Protein-ligand cofolding

Several structure prediction models have recently incorporated the description of more general biomolecular assemblies beyond simple protein polypeptide chains, including the capability of cofolding a protein and small molecule simultaneously and predict all corresponding atomic coordinates [35,36,37,38,39,40]. We test three such models, Umol [36], RoseTTAFold All-Atom (RFAA) [38] and Chai-1 [37]. Unlike the docking methods described in previous sections, Umol, RFAA and Chai-1 will return a protein different to that in the crystal structure and the protein structure is also an output of the model.

Cofolding is a complex problem and, whilst there has been much progress recently, it is still a relatively nascent field. As a result, it is not uncommon for the output structures to have issues such as steric clashes, overabundance of cis-peptide bonds or gaps in the protein, or to fail to preserve the chemistry of the input ligand (e.g., flipped stereochemistry). By default, Umol performs postprocessing in a attempt to fix this whereby it generates conformers of the input ligand and then returns the conformer with the best Kabsch alignment against the predicted atom positions. This approach guarantees the chemistry of the output ligand matches the chemistry of the input ligand. Finally, Umol then places hydrogens and uses OpenMM [41] to optimise the protein-ligand system and it is this optimised complex that we use in our subsequent analysis.
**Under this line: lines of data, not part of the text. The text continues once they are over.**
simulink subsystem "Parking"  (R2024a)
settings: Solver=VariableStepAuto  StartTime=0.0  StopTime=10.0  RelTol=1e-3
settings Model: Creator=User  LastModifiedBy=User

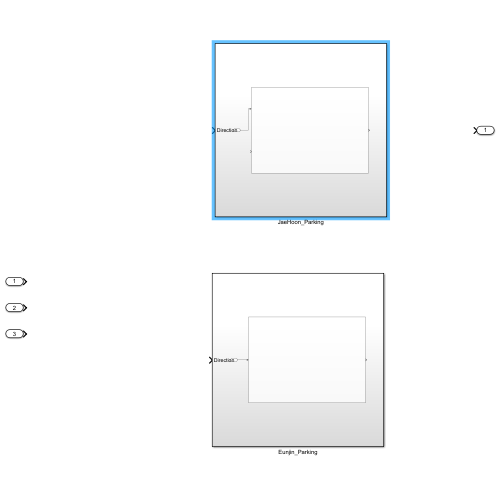
[thumbnail: Simulink's stored preview of the top-level diagram]
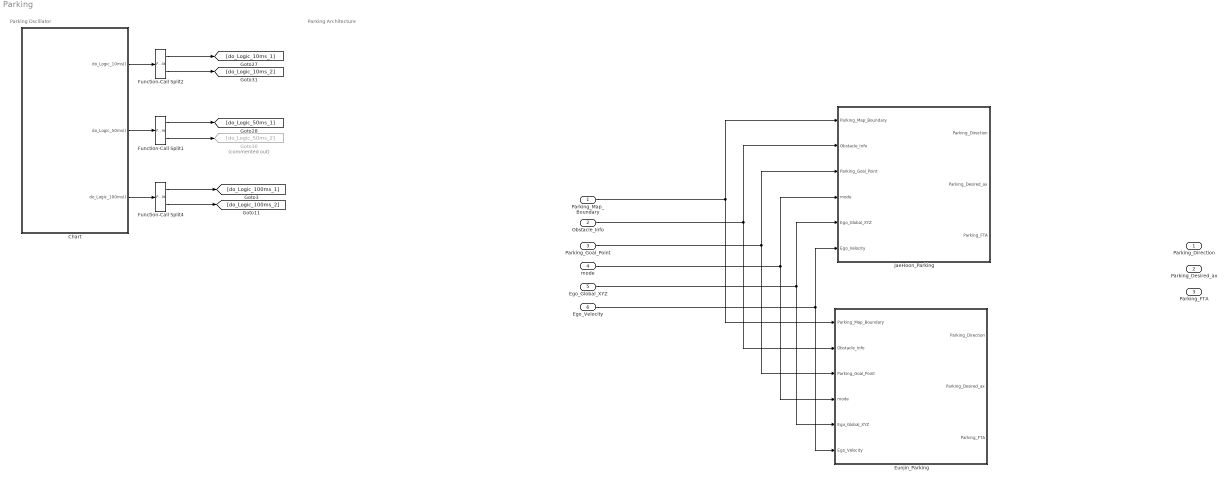
== system Parking ==
  note: Parking Oscillator
  note: Parking Architecture
  Parking_Map_Boundary : Inport
  Obstacle_Info : Inport  Port=2
  Parking_Goal_Point : Inport  Port=3
  mode : Inport  Port=4
  Ego_Global_XYZ : Inport  Port=5
  Ego_Velocity : Inport  Port=6
  Chart : Stateflow chart  TreatAsAtomicUnit=on
  Eunjin_Parking : Subsystem
  Function-Call Split1 : FunctionCallSplit  IconShape=distinctive  NumOutputPorts=2  OutputPortLayout=default
  Function-Call Split2 : FunctionCallSplit  IconShape=distinctive  NumOutputPorts=2  OutputPortLayout=default
  Function-Call Split4 : FunctionCallSplit  IconShape=distinctive  NumOutputPorts=2  OutputPortLayout=default
  Goto30 : Goto  Commented=on  GotoTag=do_Logic_50ms_2
  JaeHoon_Parking : Subsystem
  Parking_Direction : Outport
  Parking_Desired_ax : Outport  Port=2
  Parking_FTA : Outport  Port=3
  wires:
  Parking_Map_Boundary/1 -> JaeHoon_Parking/1(Parking_Map_Boundary), Eunjin_Parking/1(Parking_Map_Boundary)
  Obstacle_Info/1 -> JaeHoon_Parking/2(Obstacle_Info), Eunjin_Parking/2(Obstacle_Info)
  Parking_Goal_Point/1 -> Eunjin_Parking/3(Parking_Goal_Point), JaeHoon_Parking/3(Parking_Goal_Point)
  mode/1 -> JaeHoon_Parking/4(mode), Eunjin_Parking/4(mode)
  Ego_Global_XYZ/1 -> JaeHoon_Parking/5(Ego_Global_XYZ), Eunjin_Parking/5(Ego_Global_XYZ)
  Ego_Velocity/1 -> Eunjin_Parking/6(Ego_Velocity), JaeHoon_Parking/6(Ego_Velocity)
  Chart/1(do_Logic_10ms()) -> Function-Call Split2/1
  Function-Call Split2/1 -> [do_Logic_10ms_1]
  Function-Call Split4/1 -> [do_Logic_100ms_1]
  Function-Call Split4/2 -> [do_Logic_100ms_2]
  Chart/3(do_Logic_100ms()) -> Function-Call Split4/1
  Function-Call Split2/2 -> [do_Logic_10ms_2]
  Function-Call Split1/2 -> Goto30/1
  Function-Call Split1/1 -> [do_Logic_50ms_1]
  Chart/2(do_Logic_50ms()) -> Function-Call Split1/1

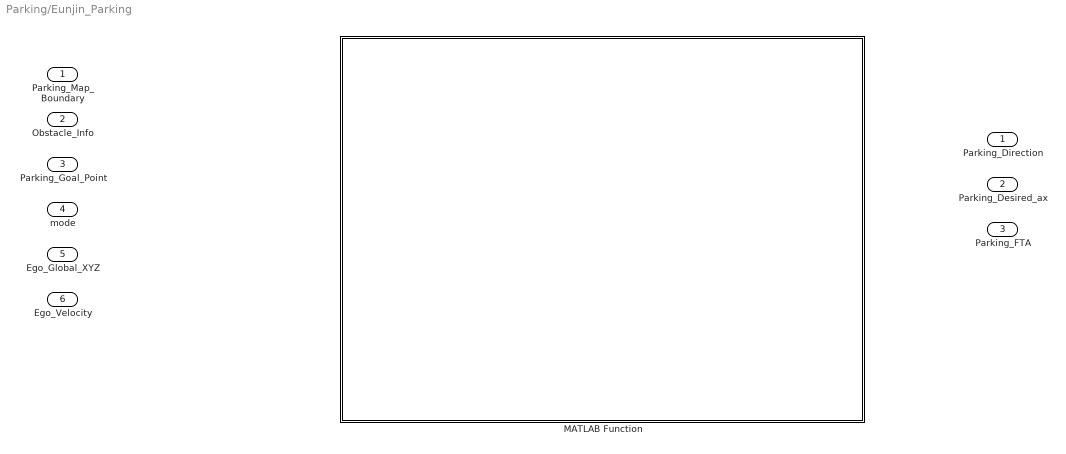
== system Parking/Eunjin_Parking ==
  Parking_Map_Boundary : Inport
  Obstacle_Info : Inport  Port=2
  Parking_Goal_Point : Inport  Port=3
  mode : Inport  Port=4
  Ego_Global_XYZ : Inport  Port=5
  Ego_Velocity : Inport  Port=6
  MATLAB Function : MATLAB Function  TreatAsAtomicUnit=on
  Parking_Direction : Outport
  Parking_Desired_ax : Outport  Port=2
  Parking_FTA : Outport  Port=3

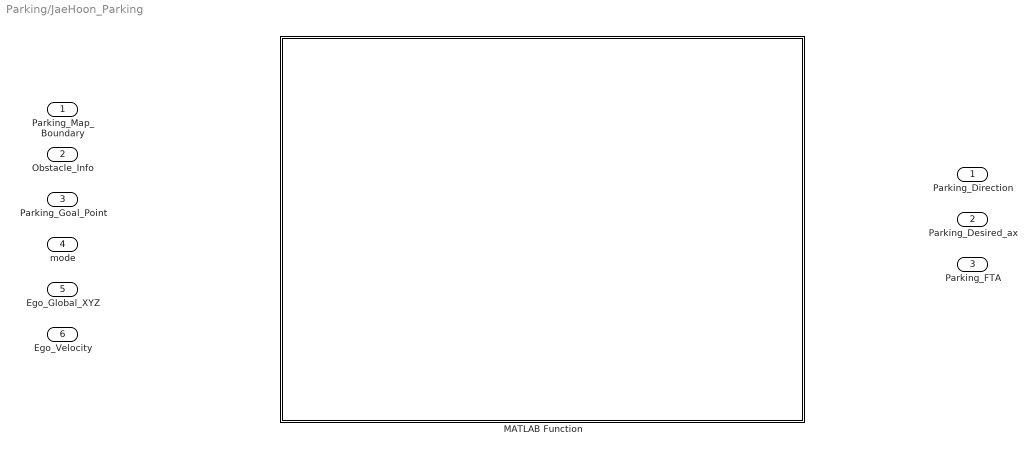
== system Parking/JaeHoon_Parking ==
  Parking_Map_Boundary : Inport
  Obstacle_Info : Inport  Port=2
  Parking_Goal_Point : Inport  Port=3
  mode : Inport  Port=4
  Ego_Global_XYZ : Inport  Port=5
  Ego_Velocity : Inport  Port=6
  MATLAB Function : MATLAB Function  TreatAsAtomicUnit=on
  Parking_Direction : Outport
  Parking_Desired_ax : Outport  Port=2
  Parking_FTA : Outport  Port=3

== matlab function Parking/Eunjin_Parking/MATLAB Function ==
function Parking
asfdasfasdfd
y = u;

== matlab function Parking/JaeHoon_Parking/MATLAB Function ==
function Parking
asfdasfasdfd
y = u;

== stateflow chart Parking/Chart ==
  (default) -> (junction 1)
  (junction 1) -> (junction 3) [order 1] : [mod(i,10) == 0]
      | {do_Logic_10ms;}
  (junction 1) -> (junction 7) [order 2]
  (junction 3) -> (junction 5)
  (junction 5) -> (junction 7)
  (junction 7) -> (junction 10)
  (junction 10) -> (junction 12) [order 1] : [mod(i, 50) == 0]
      | {do_Logic_50ms;}
  (junction 10) -> (junction 18) [order 2]
  (junction 12) -> (junction 16)
  (junction 16) -> (junction 18)
  (junction 18) -> (junction 25)
  (junction 25) -> (junction 27) [order 1] : [mod(i,100) == 0]
      | {do_Logic_100ms;}
  (junction 25) -> (junction 21) [order 2]
  (junction 27) -> (junction 29) : {i = 0;}
  (junction 29) -> (junction 21)
  (junction 21) -> (junction 32) : {i = i +1;}
  data: i local =0
  events: do_Logic_10ms output FUNCTION_CALL_EVENT; do_Logic_50ms output FUNCTION_CALL_EVENT; do_Logic_100ms output FUNCTION_CALL_EVENT

In contrast, RFAA does no such postprocessing out of the box. Consequently, we often find that the output ligand either has invalid stereochemistry or it has valid stereochemistry (making it PB-valid) but this stereochemistry is different to that of the input ligand. To ensure we are assessing the correct ligand, and for consistency with Umol, we add a similar postprocessing pipeline to RFAA, but with minimization in the YASARA2 forcefield [42], which we found to be more tolerant than OpenMM to unphysical structures.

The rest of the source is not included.